Awal Nge-blog
Saya mulai mengenal blog sejak tahun 2006. Waktu itu ada seorang teman, ups lebih tepatnya mantan yang ngajarin saya bikin blog. Akhirnya jadilah satu akun blog di worpress.com dengan judul www.okvina.wordpress.com.
Di blog pertama saya itu awalnya content-nya lebih banyak curhatan nggak penting daripada tulisan-tulisan bermutu. Hingga pada suatu saat ada salah seorang teman yang ngomentarin blog saya. Dia bilang begini “Vina, isinya kok diary aja sih? tulisan-tulisan, makalah-makalah, tugas-tugas kuliah yang berbentuk karya tulis bagus juga lho kalo dimasukin dalam blogmu… hanya saran”. Sejak saat itu saya jadi terpikir, oh iya ya, kenapa nggak saya masukin tulisan-tulisan yang sedikit bermutu di blog saya?
Blogging
Perjalanan Blog Saya
Seiring dengan bergulirnya waktu, tulisan yang ada di blog saya nggak hanya berisi tentang curhatan nggak penting tentang diri sendiri. Saya juga memasukkan beberapa tulisan yang lumayan berbobot. Sebenarnya sih banyak dari tugas kuliah dan beberapa ringkasan karya tulis yang saya buat.

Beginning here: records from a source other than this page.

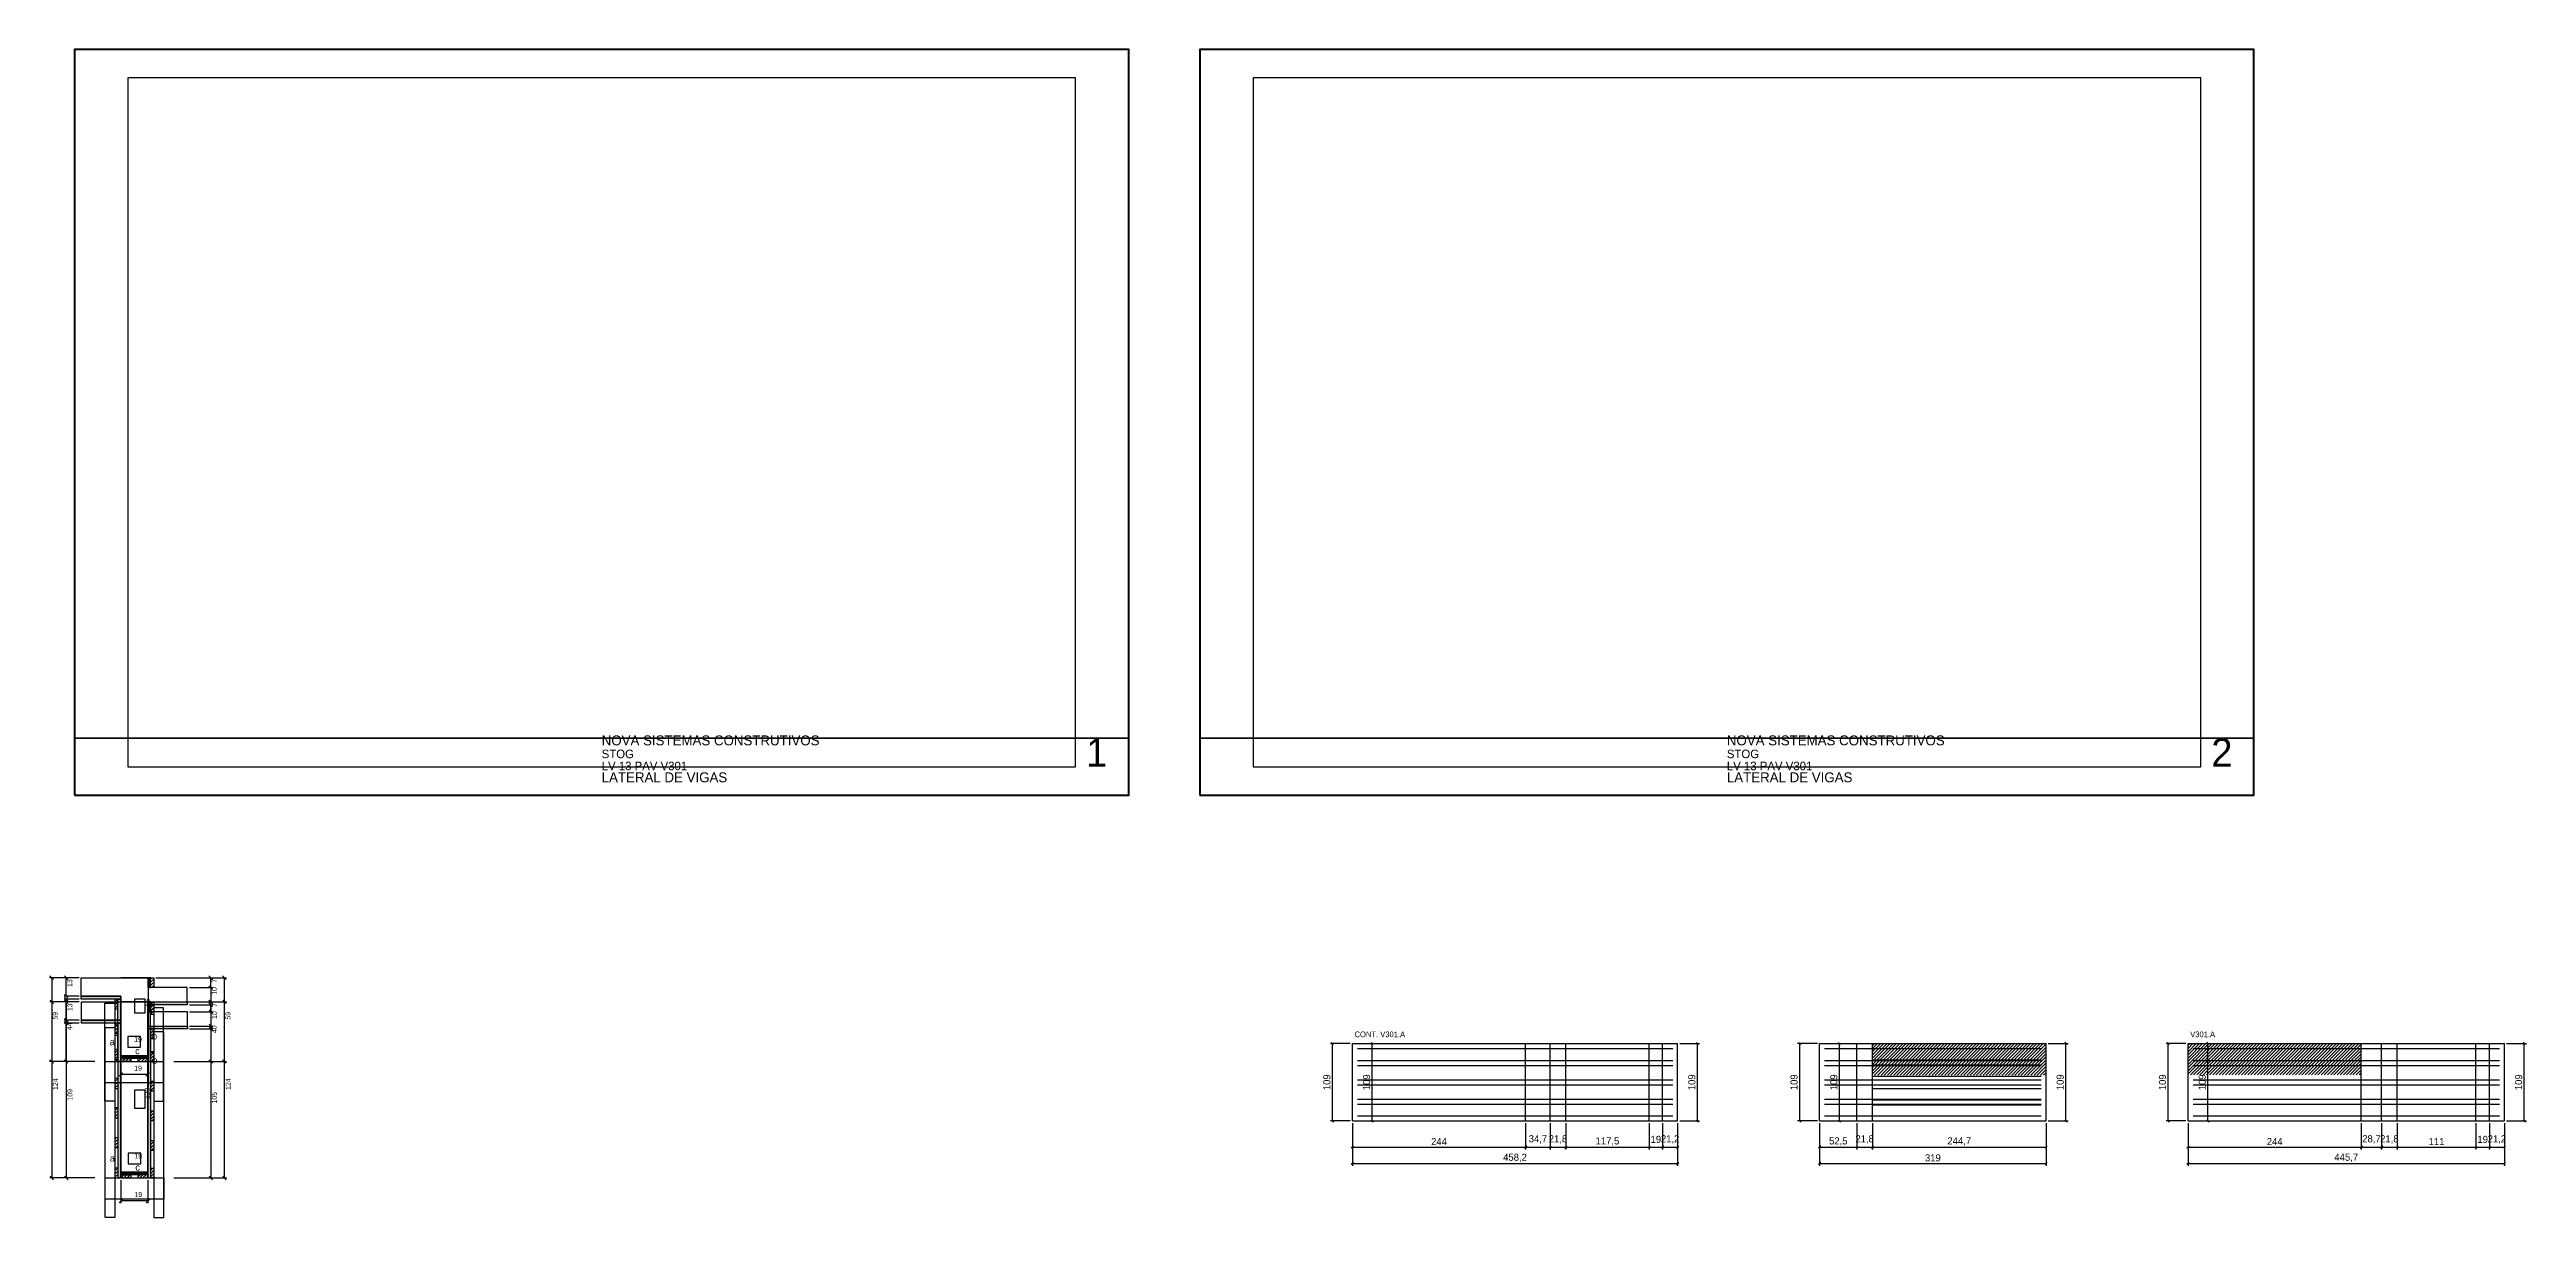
# Model space of a CAD drawing. Extents: x -9000 to 14229, y -395 to 1250.
# Drawn here: x -35 to 3454, y -395 to 1250 of the extents above; entities that cross this region are included whole.
import ezdxf

# ---------------------------------------------------------------- set-up
doc = ezdxf.new("R2010")
doc.units = 0
for name, color, linetype in [('CARIMBO', 255, 'Continuous'), ('CONCRETO', 251, 'Continuous'), ('COTA', 241, 'Continuous'), ('Cota Seção (2x)', 241, 'Continuous'), ('detalhes', 7, 'Continuous'), ('Folhas', 255, 'Continuous'), ('Hachura', 251, 'Continuous'), ('Madeira', 126, 'Continuous'), ('NOMENCLATURA', 7, 'Continuous'), ('Painéis', 200, 'Continuous'), ('Reaproveitamento', 251, 'Continuous'), ('SARR_2.2x7', 40, 'Continuous'), ('SARR_3.5x7', 81, 'Continuous')]:
    doc.layers.add(name, color=color, linetype=linetype)
doc.dimstyles.new('PAINEL', dxfattribs={"dimtxt": 10, "dimasz": 3, "dimexe": 3, "dimexo": 3, "dimgap": 3, "dimtad": 1, "dimblk": 'OBLIQUE', "dimblk1": 'OBLIQUE', "dimcen": 2.5, "dimclrd": 4, "dimclre": 4, "dimclrt": 240, "dimazin": 3, "dimtfac": 1, "dimtmove": 0, "dimatfit": 3})

# ---------------------------------------------------------------- blocks, each defined once
blk = doc.blocks.new('_OBLIQUE')
at = {"color": 0, "linetype": 'BYBLOCK'}
blk.add_line((-0.5, -0.5), (0.5, 0.5), dxfattribs=at)

msp = doc.modelspace()

# ---------------------------------------------------------------- hatches: boundary and pattern name
at = {"layer": 'Hachura'}
h = msp.add_hatch(color=7, dxfattribs=at)
h.dxf.hatch_style = 1
h.paths.add_polyline_path([(107.05, -57.25), (103.45, -57.25), (103.45, -71.25), (107.05, -71.25), (107.05, -57.25)])
h = msp.add_hatch(dxfattribs=at)
h.set_pattern_fill('ANSI31')
h.paths.add_polyline_path([(111.45, -71.25), (107.05, -71.25), (107.05, -57.25), (111.45, -57.25), (111.45, -71.25)])
h = msp.add_hatch(color=7, dxfattribs=at)
h.dxf.hatch_style = 1
h.paths.add_polyline_path([(9.45, -87.25), (9.45, -83.25), (65.05, -83.25), (65.05, -87.25), (9.45, -87.25)])
h = msp.add_hatch(dxfattribs=at)
h.set_pattern_fill('ANSI31')
h.paths.add_polyline_path([(56.65, -101.25), (61.05, -101.25), (61.05, -87.25), (56.65, -87.25), (56.65, -101.25)])
h = msp.add_hatch(color=7, dxfattribs=at)
h.dxf.hatch_style = 1
h.paths.add_polyline_path([(61.05, -87.25), (65.05, -87.25), (65.05, -175.25), (61.05, -175.25), (61.05, -87.25)])
h = msp.add_hatch(color=7, dxfattribs=at)
h.dxf.hatch_style = 1
h.paths.add_polyline_path([(103.05, -95.25), (103.05, -91.25), (158.65, -91.25), (158.65, -95.25), (103.05, -95.25)])
h = msp.add_hatch(color=7, dxfattribs=at)
h.dxf.hatch_style = 1
h.paths.add_polyline_path([(103.05, -95.25), (107.05, -95.25), (107.05, -175.25), (103.05, -175.25), (103.05, -95.25)])
h = msp.add_hatch(color=7, dxfattribs=at)
h.dxf.hatch_style = 1
h.paths.add_polyline_path([(107.25, -91.25), (103.65, -91.25), (103.65, -105.25), (107.25, -105.25), (107.25, -91.25)])
h = msp.add_hatch(dxfattribs=at)
h.set_pattern_fill('ANSI31')
h.paths.add_polyline_path([(111.45, -109.25), (107.05, -109.25), (107.05, -95.25), (111.45, -95.25), (111.45, -109.25)])
h = msp.add_hatch(dxfattribs=at)
h.set_pattern_fill('ANSI31')
h.paths.add_polyline_path([(111.65, -105.25), (107.25, -105.25), (107.25, -91.25), (111.65, -91.25), (111.65, -105.25)])
h = msp.add_hatch(color=7, dxfattribs=at)
h.dxf.hatch_style = 1
h.paths.add_polyline_path([(9.65, -121.25), (9.65, -117.25), (65.25, -117.25), (65.25, -121.25), (9.65, -121.25)])
h = msp.add_hatch(dxfattribs=at)
h.set_pattern_fill('ANSI31')
h.paths.add_polyline_path([(56.65, -138.25), (61.05, -138.25), (61.05, -124.25), (56.65, -124.25), (56.65, -138.25)])
h = msp.add_hatch(dxfattribs=at)
h.set_pattern_fill('ANSI31')
h.paths.add_polyline_path([(56.85, -135.25), (61.25, -135.25), (61.25, -121.25), (56.85, -121.25), (56.85, -135.25)])
h = msp.add_hatch(color=7, dxfattribs=at)
h.dxf.hatch_style = 1
h.paths.add_polyline_path([(61.25, -121.25), (65.25, -121.25), (65.25, -339.25), (61.25, -339.25), (61.25, -121.25)])
h = msp.add_hatch(color=7, dxfattribs=at)
h.dxf.hatch_style = 1
h.paths.add_polyline_path([(103.25, -129.25), (103.25, -125.25), (158.85, -125.25), (158.85, -129.25), (103.25, -129.25)])
h = msp.add_hatch(color=7, dxfattribs=at)
h.dxf.hatch_style = 1
h.paths.add_polyline_path([(103.25, -129.25), (107.25, -129.25), (107.25, -339.25), (103.25, -339.25), (103.25, -129.25)])
h = msp.add_hatch(dxfattribs=at)
h.set_pattern_fill('ANSI31')
h.paths.add_polyline_path([(111.45, -142.25), (107.05, -142.25), (107.05, -128.25), (111.45, -128.25), (111.45, -142.25)])
h = msp.add_hatch(dxfattribs=at)
h.set_pattern_fill('ANSI31')
h.paths.add_polyline_path([(111.65, -143.25), (107.25, -143.25), (107.25, -129.25), (111.65, -129.25), (111.65, -143.25)])
h = msp.add_hatch(dxfattribs=at)
h.set_pattern_fill('ANSI31')
h.paths.add_polyline_path([(56.65, -175.25), (61.05, -175.25), (61.05, -161.25), (56.65, -161.25), (56.65, -175.25)])
h = msp.add_hatch(dxfattribs=at)
h.set_pattern_fill('ANSI31')
h.paths.add_polyline_path([(56.85, -172.25), (61.25, -172.25), (61.25, -158.25), (56.85, -158.25), (56.85, -172.25)])
h = msp.add_hatch(color=7, dxfattribs=at)
h.dxf.hatch_style = 1
h.paths.add_polyline_path([(65.05, -170.85), (65.05, -167.25), (103.05, -167.25), (103.05, -170.85), (65.05, -170.85)])
h = msp.add_hatch(dxfattribs=at)
h.set_pattern_fill('ANSI31')
h.paths.add_polyline_path([(65.05, -175.25), (65.05, -170.85), (79.05, -170.85), (79.05, -175.25), (65.05, -175.25)])
h = msp.add_hatch(dxfattribs=at)
h.set_pattern_fill('ANSI31')
h.paths.add_polyline_path([(103.05, -175.25), (103.05, -170.85), (89.05, -170.85), (89.05, -175.25), (103.05, -175.25)])
h = msp.add_hatch(dxfattribs=at)
h.set_pattern_fill('ANSI31')
h.paths.add_polyline_path([(111.45, -175.25), (107.05, -175.25), (107.05, -161.25), (111.45, -161.25), (111.45, -175.25)])
h = msp.add_hatch(dxfattribs=at)
h.set_pattern_fill('ANSI31')
h.paths.add_polyline_path([(111.65, -176.25), (107.25, -176.25), (107.25, -162.25), (111.65, -162.25), (111.65, -176.25)])
h = msp.add_hatch(dxfattribs=at)
h.set_pattern_fill('ANSI31')
h.paths.add_polyline_path([(56.85, -213.055), (61.25, -213.055), (61.25, -199.055), (56.85, -199.055), (56.85, -213.055)])
h = msp.add_hatch(dxfattribs=at)
h.set_pattern_fill('ANSI31')
h.paths.add_polyline_path([(111.65, -217.055), (107.25, -217.055), (107.25, -203.055), (111.65, -203.055), (111.65, -217.055)])
h = msp.add_hatch(dxfattribs=at)
h.set_pattern_fill('ANSI31')
h.paths.add_polyline_path([(56.85, -254.604), (61.25, -254.604), (61.25, -240.604), (56.85, -240.604), (56.85, -254.604)])
h = msp.add_hatch(dxfattribs=at)
h.set_pattern_fill('ANSI31')
h.paths.add_polyline_path([(111.65, -258.604), (107.25, -258.604), (107.25, -244.604), (111.65, -244.604), (111.65, -258.604)])
h = msp.add_hatch(dxfattribs=at)
h.set_pattern_fill('ANSI31')
h.paths.add_polyline_path([(56.85, -296.568), (61.25, -296.568), (61.25, -282.568), (56.85, -282.568), (56.85, -296.568)])
h = msp.add_hatch(dxfattribs=at)
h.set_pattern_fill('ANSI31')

Pembaca blog saya mulai beragam. Saya mulai membuat tulisan yang ber-content “nyerempet” ke psikologi populer. Tulisan saya seringkali saya kaitkan dengan beberapa teori yang saya peroleh di bangku kuliah. Selain itu, saya juga mulai menulis cerita-cerita traveling saya. Hingga pada bulan April 2010 saya membeli satu domain (www.ladiestraveler.com) yang khusus untuk cerita-cerita traveling saya.
After Married
Setelah menikah saya tinggal di Bali. Di kantor dan juga di rumah ada koneksi internet. Setiap hari saya harus berhadapan dengan internet karena pekerjaan suami saya tidak bisa lepas dari koneksi internet. Jadilah saya bosan dengan hal itu. Akhirnya saya ingin punya satu blog yang isinya khusus berisi curhatan para istri (terutama saya, hehehe). Jadilah suami saya membelikan saya domain www.celotehistri.com.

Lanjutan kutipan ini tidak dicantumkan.